Sad to say, it's the dealers poor attention and lack of care that gives me a good proportion of my work.

Just be sure to inspect the car panel by panel when dry, idealy under bright/artificial light and make sure there are no scratches etc before accepting delivery.

Dave


----------



## The Rainman (Jun 1, 2008)

Edinburgh Audi told me that on average 4 out of every 10 cars have some form of bodywork "damage" from the jounney over (usually small scratches to small dents" These are repaired pre delivery and the customer is none the wiser.


----------



## matt225tt (Apr 4, 2008)

The Rainman said:


> Edinburgh Audi told me that on average 4 out of every 10 cars have some form of bodywork "damage" from the jounney over (usually small scratches to small dents" These are repaired pre delivery and the customer is none the wiser.

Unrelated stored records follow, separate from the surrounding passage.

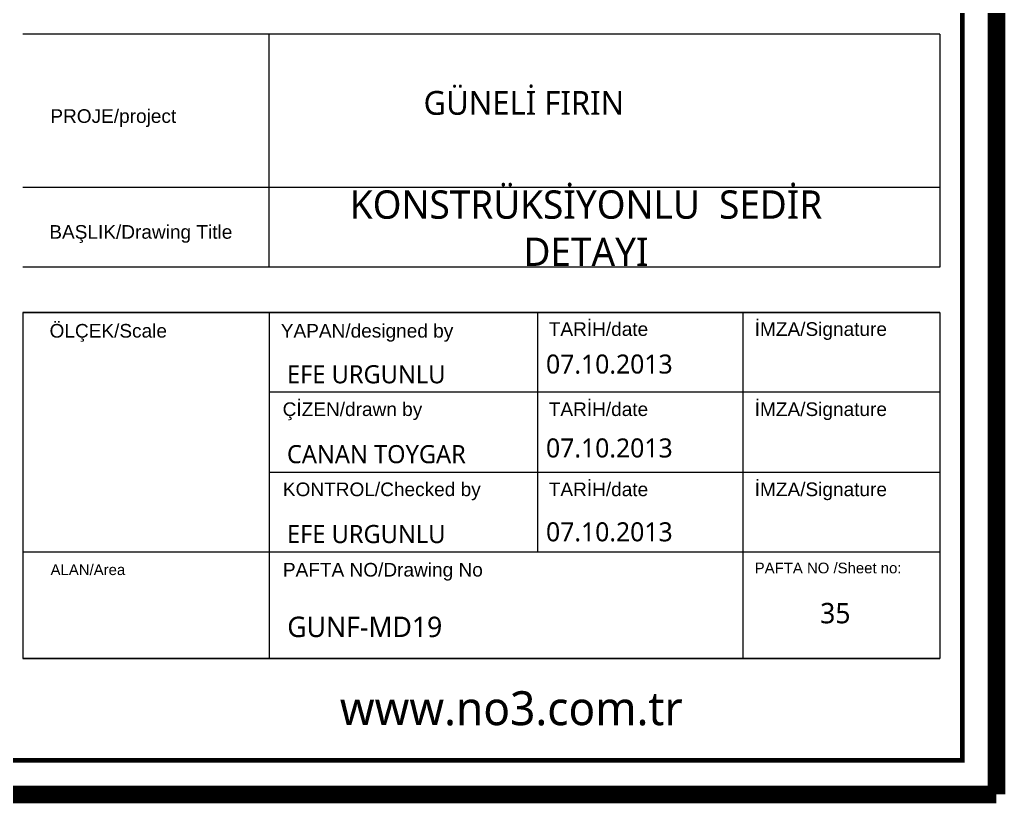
# Model space of a CAD drawing. Header units: millimetres. Extents: x 54215 to 67697, y 23496 to 56611.
# Drawn here: x 60021 to 60435.1, y 28203.3 to 28532.4 of the extents above; entities that cross this region are included whole.
import ezdxf
from ezdxf.enums import TextEntityAlignment as Align

# ---------------------------------------------------------------- set-up
doc = ezdxf.new("R2010")
doc.units = ezdxf.units.MM
doc.layers.add('no3_lejand', color=255, linetype='Continuous', lineweight=13)
doc.layers.add('t_yazı', color=154, linetype='Continuous', lineweight=25)
doc.styles.add('ARIALT', font='arial.ttf', dxfattribs={"height": 10})
doc.styles.get("Standard").update_dxf_attribs({"font": 'arial.ttf'})

msp = doc.modelspace()

# ---------------------------------------------------------------- linework, layer by layer
at = {"color": 250}
for p, q in [((60407.613, 28526.367), (60022.355, 28526.367)), ((60125.804, 28428.542), (60125.804, 28526.367)), ((60407.613, 28526.367), (60407.613, 28428.542)), ((60022.355, 28462.093), (60407.613, 28462.093)), ((60407.613, 28428.542), (60022.355, 28428.542)), ((60022.355, 28409.517), (60022.355, 28264.129)), ((60407.613, 28409.517), (60022.355, 28409.517)), ((60022.355, 28409.517), (60407.613, 28409.517)), ((60125.804, 28409.517), (60125.804, 28264.129)), ((60238.603, 28409.517), (60238.603, 28308.864)), ((60324.86, 28409.517), (60324.86, 28264.129)), ((60407.613, 28409.517), (60407.613, 28264.129)), ((60407.613, 28375.966), (60125.804, 28375.966)), ((60125.804, 28342.415), (60407.613, 28342.415)), ((60407.613, 28308.864), (60022.355, 28308.864)), ((60022.355, 28264.129), (60407.613, 28264.129)), ((60407.613, 28264.129), (60022.355, 28264.129))]:
    msp.add_line(p, q, dxfattribs=at)
at = {"color": 252, "const_width": 2.031}
msp.add_lwpolyline([(60417.076, 28835.787, -0.4142136), (60407.53, 28826.241), (60047.189, 28826.241, 0.4142136), (60023.326, 28802.378), (60023.326, 28570.426, 0.4142136), (60047.189, 28546.563), (60407.53, 28546.563, -0.4142136), (60417.076, 28537.017), (60417.076, 28221.372), (58618.399, 28221.372), (58618.399, 29340.736), (60417.076, 29340.736), (60417.076, 28835.787)], format="xyb", dxfattribs=at)
at = {"layer": 'no3_lejand', "color": 1, "const_width": 7.466}
msp.add_lwpolyline([(60431.394, 28207.054), (58604.08, 28207.054), (58604.08, 29355.054), (60431.394, 29355.054), (60431.394, 28835.787, -0.4142136), (60407.53, 28811.923), (60047.189, 28811.923, 0.4142136), (60037.644, 28802.378), (60037.644, 28570.426, 0.4142136), (60047.189, 28560.881), (60407.53, 28560.881, -0.4142136), (60431.394, 28537.017), (60431.394, 28207.054)], format="xyb", dxfattribs=at)

# ---------------------------------------------------------------- texts
at = {"color": 7}
for s, insert, char_height, width, attachment_point in [('{\\fLucida Sans Unicode|b0|i0|c162|p34;GÜNELİ FIRIN}', (60232.852, 28497.44, 0), 9.99, 250.24294, 5), ('{\\fLucida Sans Unicode|b0|i0|c162|p34;KONSTRÜKSİYONLU  SEDİR DETAYI}', (60258.977, 28444.881), 11.90258, 221.73465, 5), ('{\\fLucida Sans Unicode|b0|i0|c162|p34;07.10.2013}', (60242.164, 28387.741), 7.992, 305.67367, 4), ('{\\fLucida Sans Unicode|b0|i0|c162|p34;EFE URGUNLU}', (60133.33, 28383.47), 7.61003, 291.06434, 4), ('{\\fLucida Sans Unicode|b0|i0|c162|p34;CANAN TOYGAR }', (60133.31, 28349.919), 7.61003, 291.06434, 4), ('{\\fLucida Sans Unicode|b0|i0|c162|p34;07.10.2013}', (60242.164, 28352.506), 7.992, 305.67367, 4), ('{\\fLucida Sans Unicode|b0|i0|c162|p34;EFE URGUNLU}', (60133.33, 28316.368), 7.61003, 291.06434, 4), ('{\\fLucida Sans Unicode|b0|i0|c162|p34;07.10.2013}', (60242.164, 28317.271), 7.992, 305.67367, 4), ('{\\fLucida Sans Unicode|b0|i0|c162|p34;35}', (60357.34, 28283.139), 8.56129, 291.06434, 4), ('{\\fLucida Sans Unicode|b0|i0|c162|p34;GUNF-MD19}', (60133.434, 28277.369), 8.56129, 291.06434, 4), ('{\\fLucida Sans Unicode|b0|i0|c162|p34;www.no3.com.tr}', (60227.557, 28243.114), 14.26881, 221.73465, 5)]:
    msp.add_mtext(s, dxfattribs=dict(at, insert=insert, char_height=char_height, width=width, attachment_point=attachment_point))
at = {"layer": 't_yazı', "linetype": 'Continuous', "style": 'ARIALT'}
msp.add_text('ALAN/Area', height=4.488, dxfattribs=at).set_placement((60049.68, 28301.424), align=Align.MIDDLE_CENTER)
at = {"layer": 't_yazı', "style": 'ARIALT'}
msp.add_text('PAFTA NO/Drawing No', height=5.72609, dxfattribs=at).set_placement((60173.609, 28301.424), align=Align.MIDDLE_CENTER)
for s, insert, char_height, width, attachment_point in [('PROJE/project', (60060.346, 28494.839), 5.72609, 106.50483, 2), ('BAŞLIK/Drawing Title', (60071.921, 28446.184), 5.72609, 106.50483, 2), ('ÖLÇEK/Scale', (60058.24, 28404.649), 5.72609, 38.68086, 2), ('YAPAN/designed by', (60166.964, 28404.649), 5.72609, 106.50483, 2), ('TARİH/date', (60243.313, 28405.374), 5.7261, 43.55768, 1), ('İMZA/Signature', (60329.85, 28405.374), 5.72609, 43.55768, 1), ('ÇİZEN/drawn by', (60160.837, 28371.714), 5.72609, 106.50483, 2), ('TARİH/date', (60243.313, 28371.714), 5.7261, 43.55768, 1), ('İMZA/Signature', (60329.85, 28371.714), 5.72609, 43.55768, 1), ('KONTROL/Checked by', (60131.603, 28338.054), 5.72609, 95.68179, 1), ('TARİH/date', (60243.313, 28338.054), 5.7261, 43.55768, 1), ('İMZA/Signature', (60329.85, 28338.054), 5.72609, 43.55768, 1)]:
    msp.add_mtext(s, dxfattribs=dict(at, insert=insert, char_height=char_height, width=width, attachment_point=attachment_point))
at = {"layer": 't_yazı', "linetype": 'Continuous', "insert": (60329.85, 28304.394), "char_height": 4.48802, "width": 107.49716, "attachment_point": 1, "style": 'ARIALT'}
msp.add_mtext('PAFTA NO /Sheet no:', dxfattribs=at)

doc.saveas('drawing.dxf')

this is correct, i know this for a fact as the company i work for have contract with audi dealerships and i personally have painted loads of cars that have been damaged in transit and the customer is just fobbed off with some story about the delivery being slow, meanwhile their new car is in being painted!
as j i a b said, just thoroughly inspect it when you take delivery mate.


----------



## The Rainman (Jun 1, 2008)

I know my car was 2 weeks late past the promised delivery date, They also lied to me as they left the pre inspection document in the car by mistake showing the car had been with the dealer for 10 days. They did provide me with an A3 and after complaining gave me free GAP insurance, but Im still left with the burning question, was mine in the repair shop ??


----------



## QuackingPlums (Mar 10, 2004)

I asked for mine to be left alone. I went to see it the day it came off the transporter, and it was sitting in the forecourt with the plastic and blue foam bits still on it. I travelled past it every day on the train and it wasn't until the day before collection did I see the plastic get removed.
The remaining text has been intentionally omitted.